Nas mãos do homem, Heloise identificou um baita de um trabuco, que provavelmente funcionava com pólvora e balas. A mulher carregava uma besta. Era impossível desviar os olhos de seu busto, que era farto e chamativo. Ambos usavam roupas de couro apertadas, que somente salientavam a forma física de cada um deles.
— Rainha de Carlin? — perguntou o homem, de forma profissional.
Embora a voz fosse etérea, era muito clara. Heloise assentiu uma vez, curiosa.
— Chamo-me Gretel Grimm, e este é meu irmão, Hansel Grimm — disse a mulher. A sonoridade em sua voz era agradável aos ouvidos. — Fomos contatados por um certo ser, cuja característica não interessa, chamado Gadreel. Ele nos trouxe uma mensagem de Crunor.
Heloise e John trocaram um olhar, surpresos. Por uma questão de conveniência, a rainha escondera de John a informação de que se encontrara com Crunor, porque o incandescente parecia suficientemente revoltado, e achava que causar nele outro acesso de raiva poderia ser prejudicial.
A rainha voltou os olhos para a terrina.
— Sim, Crunor comentou — ela alteou a voz para suprimir o olhar de indignação de John. — São caçadores.

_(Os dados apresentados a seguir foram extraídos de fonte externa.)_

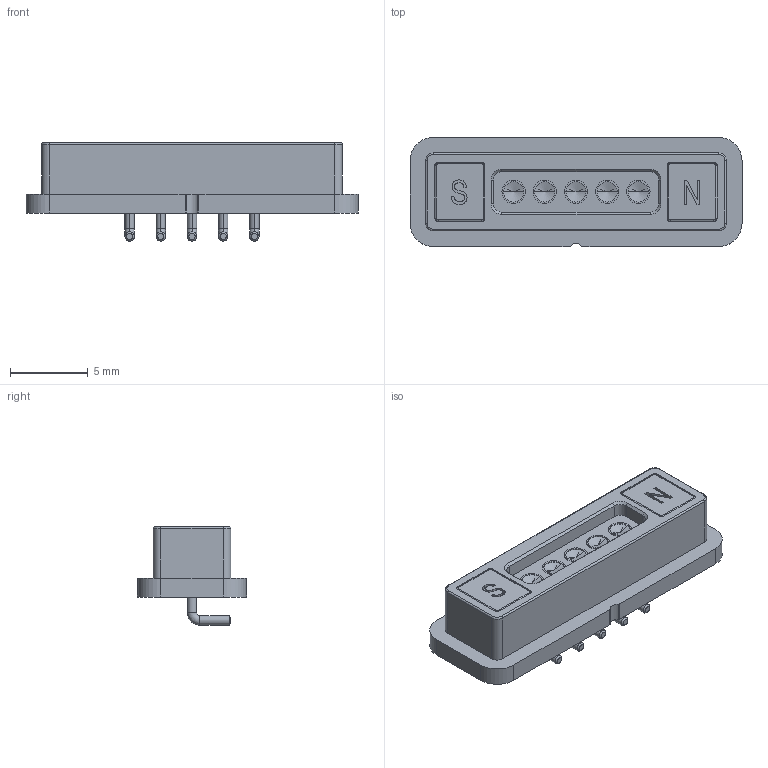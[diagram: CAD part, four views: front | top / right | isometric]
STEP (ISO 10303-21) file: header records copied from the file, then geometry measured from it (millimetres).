
FILE_DESCRIPTION (( 'STEP AP214' ), '1' );
FILE_NAME ('686J0521350110E.STEP', '2023-04-13T19:07:18', ( '' ), ( '' ), 'SwSTEP 2.0', 'SolidWorks 2020', '' );
FILE_SCHEMA (( 'AUTOMOTIVE_DESIGN' ));
Length unit declared in the file: millimetre
Products named in the file (1): 686J0521350110E
Bounding box: 21.3 x 7 x 6.3 mm (x, y, z)
Volume: 433.1 mm3; surface area: 697.3 mm2
Topology: 6 solids, 8 shells, 276 faces, 625 edges, 380 vertices
Faces by surface type: cylinder 111, plane 95, cone 26, torus 24, bspline 20
Entity records: 10993 total; most frequent: CARTESIAN_POINT 2192, DIRECTION 1368, ORIENTED_EDGE 1230, EDGE_CURVE 615, AXIS2_PLACEMENT_3D 524, VERTEX_POINT 380, LINE 320, VECTOR 320

— Somos caçadores de bruxas — corrigiu Hansel, com firmeza. — Crunor acredita que Lúcifer tentará recrutar a Academia de Magia de Edron em seu próximo movimento, e nos pediu para engrossar as fileiras de defesa de Carlin.
— Quais são as condições?
— Não há — Gretel arqueou as sobrancelhas. — Somente precisamos de um espaço de descanso digno, porque meu irmão padece de uma doença grave que depende de tratamento nos horários certos. Se o exército decidir por nos recrutar, estaremos em Carlin antes do raiar do sol.
Heloise deliberou por um instante. Ainda estava muito reticente quanto a aceitar qualquer ajuda de Crunor, especialmente porque ele se negava veementemente a interceder em favor de Jason Walker, mas, a bem da verdade, se enfrentariam o desconhecido, era melhor que tivessem especialistas ao seu lado.
Hansel e Gretel davam a impressão de corresponder àquele tipo de caçador que não brinca em serviço. A fala, o porte e até mesmo o olhar de ambos eram muito profissionais e concentrados.
— Aguardo vocês aqui — decidiu a rainha, finalmente.
— Desligamos — disse Hansel, e a conexão se desfez.
Rapidamente, Bambi ressurgiu para tirar a terrina da presença dos dois. John olhou para a rainha, inquisitivo, mas resolveu falar antes de perguntar.
— Não quero saber de nada sobre eventuais contatos seus com Crunor — disse, consignando sua opinião de pronto. — Inobstante, não podemos descartar os irmãos Grimm. São exímios caçadores de bruxas, e bruxos, e seus feitos são conhecidos até por quem não participa do ofício. Só tenho uma dúvida pendente…
“Hansel e Gretel são depois do nosso tempo. Eles surgiram na Idade Média moderna, e atuavam firmemente no pedaço de terra que virá a ser conhecido como Reino Unido, e na Prússia. Não sei qual é o objetivo de Crunor ao trazê-los para a nossa era mas, a bem da verdade, eles parecem ter sido muito bem informados. Embora venham depois do nosso tempo, seu conhecimento sobre a nossa cultura é notório. Talvez possamos usá-los, se Lúcifer realmente estiver recrutando os bruxos de Edron.”
Heloise manteve o silêncio por um longo momento, sentindo, momentaneamente, um assomo indizível de gratidão por Crunor. Ele intercedera em favor dela, ainda que de forma indireta, e a rainha acreditava que John o julgava mais do que era necessário.
Todavia, agora, tinha condições de construir uma linha de frente um pouco mais poderosa. Com Jason ou sem Jason, o plano de atacar Lúcifer em seu território precisava ser executado o mais depressa quanto fosse possível.
É a nossa única chance, pensou a rainha, aflita.